**Your objective:** From the data below, please reproduce exactly everything from the line that contains "#32728 = ORIENTED_EDGE" down to the line that contains "#36993 = CARTESIAN_POINT", with both ends included.

**Data for review:**

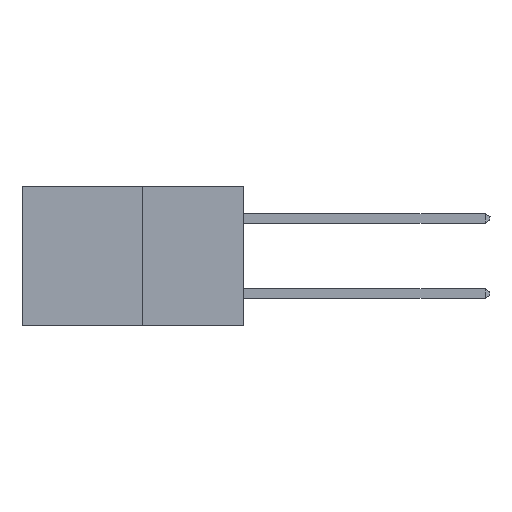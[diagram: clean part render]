
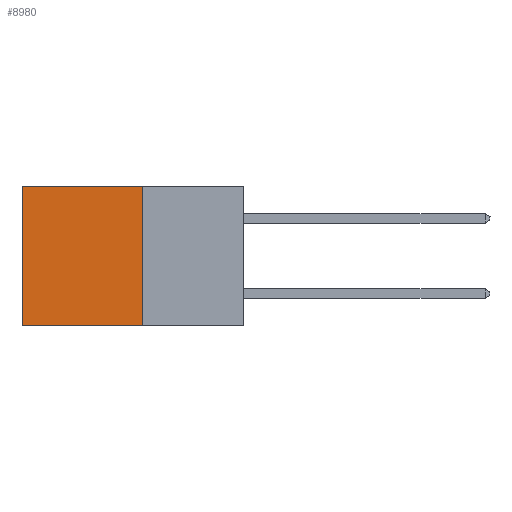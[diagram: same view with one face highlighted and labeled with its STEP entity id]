
A CAD part, left-side view. The second image highlights one B-rep face of the part: STEP entity #8980.
In plain terms, the highlighted planar face has unit normal (-1, 0, 0).
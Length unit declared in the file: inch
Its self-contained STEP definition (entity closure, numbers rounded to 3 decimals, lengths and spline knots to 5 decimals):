
#481 = ORIENTED_EDGE ( 'NONE', *, *, #12737, .F. ) ;
#763 = DIRECTION ( 'NONE',  ( 0., 1., 0. ) ) ;
#881 = DIRECTION ( 'NONE',  ( 0., 0., -1. ) ) ;
#934 = VECTOR ( 'NONE', #763, 39.37008 ) ;
#1102 = EDGE_CURVE ( 'NONE', #10490, #16524, #21452, .T. ) ;
#1195 = CARTESIAN_POINT ( 'NONE',  ( 0.277, 0.27, 0. ) ) ;
#1532 = LINE ( 'NONE', #1195, #934 ) ;
#3561 = VERTEX_POINT ( 'NONE', #12252 ) ;
#4270 = VECTOR ( 'NONE', #5485, 39.37008 ) ;
#5485 = DIRECTION ( 'NONE',  ( 0., 0., -1. ) ) ;
#5646 = FACE_OUTER_BOUND ( 'NONE', #8569, .T. ) ;
#6062 = VECTOR ( 'NONE', #7421, 39.37008 ) ;
#6340 = CARTESIAN_POINT ( 'NONE',  ( 0.277, 0.59, 0. ) ) ;
#6419 = EDGE_CURVE ( 'NONE', #3561, #14809, #1532, .T. ) ;
#7421 = DIRECTION ( 'NONE',  ( 0., 1., 0. ) ) ;
#8046 = CARTESIAN_POINT ( 'NONE',  ( 0.277, 0.27, -0.37 ) ) ;
#8569 = EDGE_LOOP ( 'NONE', ( #13579, #19256, #481, #17175 ) ) ;
#8980 = ADVANCED_FACE ( 'NONE', ( #5646 ), #23960, .F. ) ;
#9478 = CARTESIAN_POINT ( 'NONE',  ( 0.277, 0.59, -0.37 ) ) ;
#10392 = CARTESIAN_POINT ( 'NONE',  ( 0.277, 0.59, -0.37 ) ) ;
#10490 = VERTEX_POINT ( 'NONE', #22428 ) ;
#12252 = CARTESIAN_POINT ( 'NONE',  ( 0.277, 0.27, 0. ) ) ;
#12547 = DIRECTION ( 'NONE',  ( 1., 0., 0. ) ) ;
#12737 = EDGE_CURVE ( 'NONE', #3561, #10490, #18647, .T. ) ;
#13579 = ORIENTED_EDGE ( 'NONE', *, *, #14524, .T. ) ;
#14160 = VECTOR ( 'NONE', #21508, 39.37008 ) ;
#14524 = EDGE_CURVE ( 'NONE', #14809, #16524, #24161, .T. ) ;
#14809 = VERTEX_POINT ( 'NONE', #6340 ) ;
#16524 = VERTEX_POINT ( 'NONE', #10392 ) ;
#17175 = ORIENTED_EDGE ( 'NONE', *, *, #6419, .T. ) ;
#18647 = LINE ( 'NONE', #8046, #14160 ) ;
#19256 = ORIENTED_EDGE ( 'NONE', *, *, #1102, .F. ) ;
#20167 = CARTESIAN_POINT ( 'NONE',  ( 0.277, 0.27, -0.37 ) ) ;
#20293 = AXIS2_PLACEMENT_3D ( 'NONE', #20167, #12547, #881 ) ;
#21452 = LINE ( 'NONE', #22218, #6062 ) ;
#21508 = DIRECTION ( 'NONE',  ( 0., 0., -1. ) ) ;
#22218 = CARTESIAN_POINT ( 'NONE',  ( 0.277, 0.27, -0.37 ) ) ;
#22428 = CARTESIAN_POINT ( 'NONE',  ( 0.277, 0.27, -0.37 ) ) ;
#23960 = PLANE ( 'NONE',  #20293 ) ;
#24161 = LINE ( 'NONE', #9478, #4270 ) ;
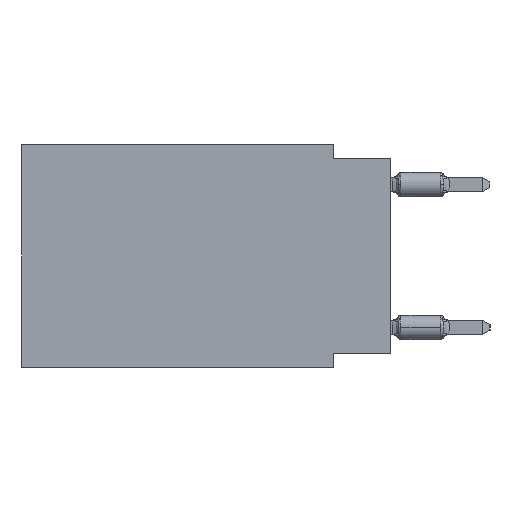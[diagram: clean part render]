
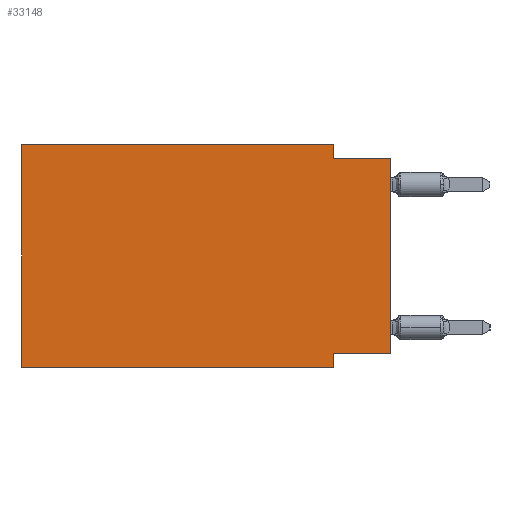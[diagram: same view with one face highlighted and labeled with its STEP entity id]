
A CAD part, left-side view. The second image highlights one B-rep face of the part: STEP entity #33148.
In plain terms, the highlighted planar face has unit normal (-1, 0, 0).
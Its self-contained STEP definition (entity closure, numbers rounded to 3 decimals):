
#354 = VECTOR ( 'NONE', #4906, 1000. ) ;
#1288 = DIRECTION ( 'NONE',  ( 0., 0., -1. ) ) ;
#1360 = VECTOR ( 'NONE', #59107, 1000. ) ;
#4657 = LINE ( 'NONE', #54360, #56960 ) ;
#4906 = DIRECTION ( 'NONE',  ( 0., 0., 1. ) ) ;
#4913 = EDGE_CURVE ( 'NONE', #35240, #62448, #57526, .T. ) ;
#5476 = CARTESIAN_POINT ( 'NONE',  ( 0., 16.383, -9.906 ) ) ;
#7796 = EDGE_LOOP ( 'NONE', ( #7999, #10276, #32728, #30529, #41520, #10467, #51293, #44838 ) ) ;
#7999 = ORIENTED_EDGE ( 'NONE', *, *, #51036, .T. ) ;
#10210 = VECTOR ( 'NONE', #14981, 1000. ) ;
#10276 = ORIENTED_EDGE ( 'NONE', *, *, #10800, .F. ) ;
#10467 = ORIENTED_EDGE ( 'NONE', *, *, #55781, .T. ) ;
#10659 = CARTESIAN_POINT ( 'NONE',  ( 0., 0., -0.635 ) ) ;
#10800 = EDGE_CURVE ( 'NONE', #45444, #52886, #51328, .T. ) ;
#11235 = LINE ( 'NONE', #30808, #59759 ) ;
#13724 = CARTESIAN_POINT ( 'NONE',  ( 0., 2.54, -9.906 ) ) ;
#14981 = DIRECTION ( 'NONE',  ( 0., 0., -1. ) ) ;
#15307 = DIRECTION ( 'NONE',  ( 0., -1., 0. ) ) ;
#19458 = DIRECTION ( 'NONE',  ( 0., 0., -1. ) ) ;
#23674 = LINE ( 'NONE', #13724, #10210 ) ;
#24622 = AXIS2_PLACEMENT_3D ( 'NONE', #33594, #58905, #19458 ) ;
#25671 = VERTEX_POINT ( 'NONE', #40243 ) ;
#27752 = VECTOR ( 'NONE', #57488, 1000. ) ;
#28719 = CARTESIAN_POINT ( 'NONE',  ( 0., 2.54, -0.635 ) ) ;
#29352 = DIRECTION ( 'NONE',  ( 0., 0., 1. ) ) ;
#30514 = CARTESIAN_POINT ( 'NONE',  ( 0., 0., -0.635 ) ) ;
#30529 = ORIENTED_EDGE ( 'NONE', *, *, #59040, .F. ) ;
#30808 = CARTESIAN_POINT ( 'NONE',  ( 0., 2.54, 0. ) ) ;
#31018 = LINE ( 'NONE', #45478, #41214 ) ;
#32728 = ORIENTED_EDGE ( 'NONE', *, *, #38251, .F. ) ;
#33148 = ADVANCED_FACE ( 'NONE', ( #39365 ), #43551, .F. ) ;
#33594 = CARTESIAN_POINT ( 'NONE',  ( 0., 16.383, 0. ) ) ;
#35240 = VERTEX_POINT ( 'NONE', #5476 ) ;
#36993 = CARTESIAN_POINT ( 'NONE',  ( 0., 16.383, -9.906 ) ) ;
#38144 = CARTESIAN_POINT ( 'NONE',  ( 0., 2.54, -9.906 ) ) ;
#38251 = EDGE_CURVE ( 'NONE', #41961, #45444, #11235, .T. ) ;
#39365 = FACE_OUTER_BOUND ( 'NONE', #7796, .T. ) ;
#39570 = CARTESIAN_POINT ( 'NONE',  ( 0., 0., -9.271 ) ) ;
#40243 = CARTESIAN_POINT ( 'NONE',  ( 0., 2.54, -9.271 ) ) ;
#41214 = VECTOR ( 'NONE', #15307, 1000. ) ;
#41302 = VECTOR ( 'NONE', #50070, 1000. ) ;
#41520 = ORIENTED_EDGE ( 'NONE', *, *, #4913, .F. ) ;
#41961 = VERTEX_POINT ( 'NONE', #52708 ) ;
#43495 = CARTESIAN_POINT ( 'NONE',  ( 0., 16.383, 0. ) ) ;
#43551 = PLANE ( 'NONE',  #24622 ) ;
#44838 = ORIENTED_EDGE ( 'NONE', *, *, #59997, .F. ) ;
#45444 = VERTEX_POINT ( 'NONE', #28719 ) ;
#45478 = CARTESIAN_POINT ( 'NONE',  ( 0., 16.383, 0. ) ) ;
#45906 = VERTEX_POINT ( 'NONE', #38144 ) ;
#48666 = VERTEX_POINT ( 'NONE', #56689 ) ;
#49178 = LINE ( 'NONE', #39570, #1360 ) ;
#50070 = DIRECTION ( 'NONE',  ( 0., -1., 0. ) ) ;
#51036 = EDGE_CURVE ( 'NONE', #48666, #52886, #4657, .T. ) ;
#51293 = ORIENTED_EDGE ( 'NONE', *, *, #63223, .F. ) ;
#51328 = LINE ( 'NONE', #30514, #41302 ) ;
#52708 = CARTESIAN_POINT ( 'NONE',  ( 0., 2.54, 0. ) ) ;
#52886 = VERTEX_POINT ( 'NONE', #10659 ) ;
#53021 = CARTESIAN_POINT ( 'NONE',  ( 0., 16.383, 0. ) ) ;
#54360 = CARTESIAN_POINT ( 'NONE',  ( 0., 0., 0. ) ) ;
#55781 = EDGE_CURVE ( 'NONE', #35240, #45906, #61348, .T. ) ;
#56689 = CARTESIAN_POINT ( 'NONE',  ( 0., 0., -9.271 ) ) ;
#56960 = VECTOR ( 'NONE', #29352, 1000. ) ;
#57488 = DIRECTION ( 'NONE',  ( 0., -1., 0. ) ) ;
#57526 = LINE ( 'NONE', #53021, #354 ) ;
#58905 = DIRECTION ( 'NONE',  ( 1., 0., 0. ) ) ;
#59040 = EDGE_CURVE ( 'NONE', #62448, #41961, #31018, .T. ) ;
#59107 = DIRECTION ( 'NONE',  ( 0., 1., 0. ) ) ;
#59759 = VECTOR ( 'NONE', #1288, 1000. ) ;
#59997 = EDGE_CURVE ( 'NONE', #48666, #25671, #49178, .T. ) ;
#61348 = LINE ( 'NONE', #36993, #27752 ) ;
#62448 = VERTEX_POINT ( 'NONE', #43495 ) ;
#63223 = EDGE_CURVE ( 'NONE', #25671, #45906, #23674, .T. ) ;

**Answer to this exercise:**
#32728 = ORIENTED_EDGE ( 'NONE', *, *, #38251, .F. ) ;
#33148 = ADVANCED_FACE ( 'NONE', ( #39365 ), #43551, .F. ) ;
#33594 = CARTESIAN_POINT ( 'NONE',  ( 0., 16.383, 0. ) ) ;
#35240 = VERTEX_POINT ( 'NONE', #5476 ) ;
#36993 = CARTESIAN_POINT ( 'NONE',  ( 0., 16.383, -9.906 ) ) ;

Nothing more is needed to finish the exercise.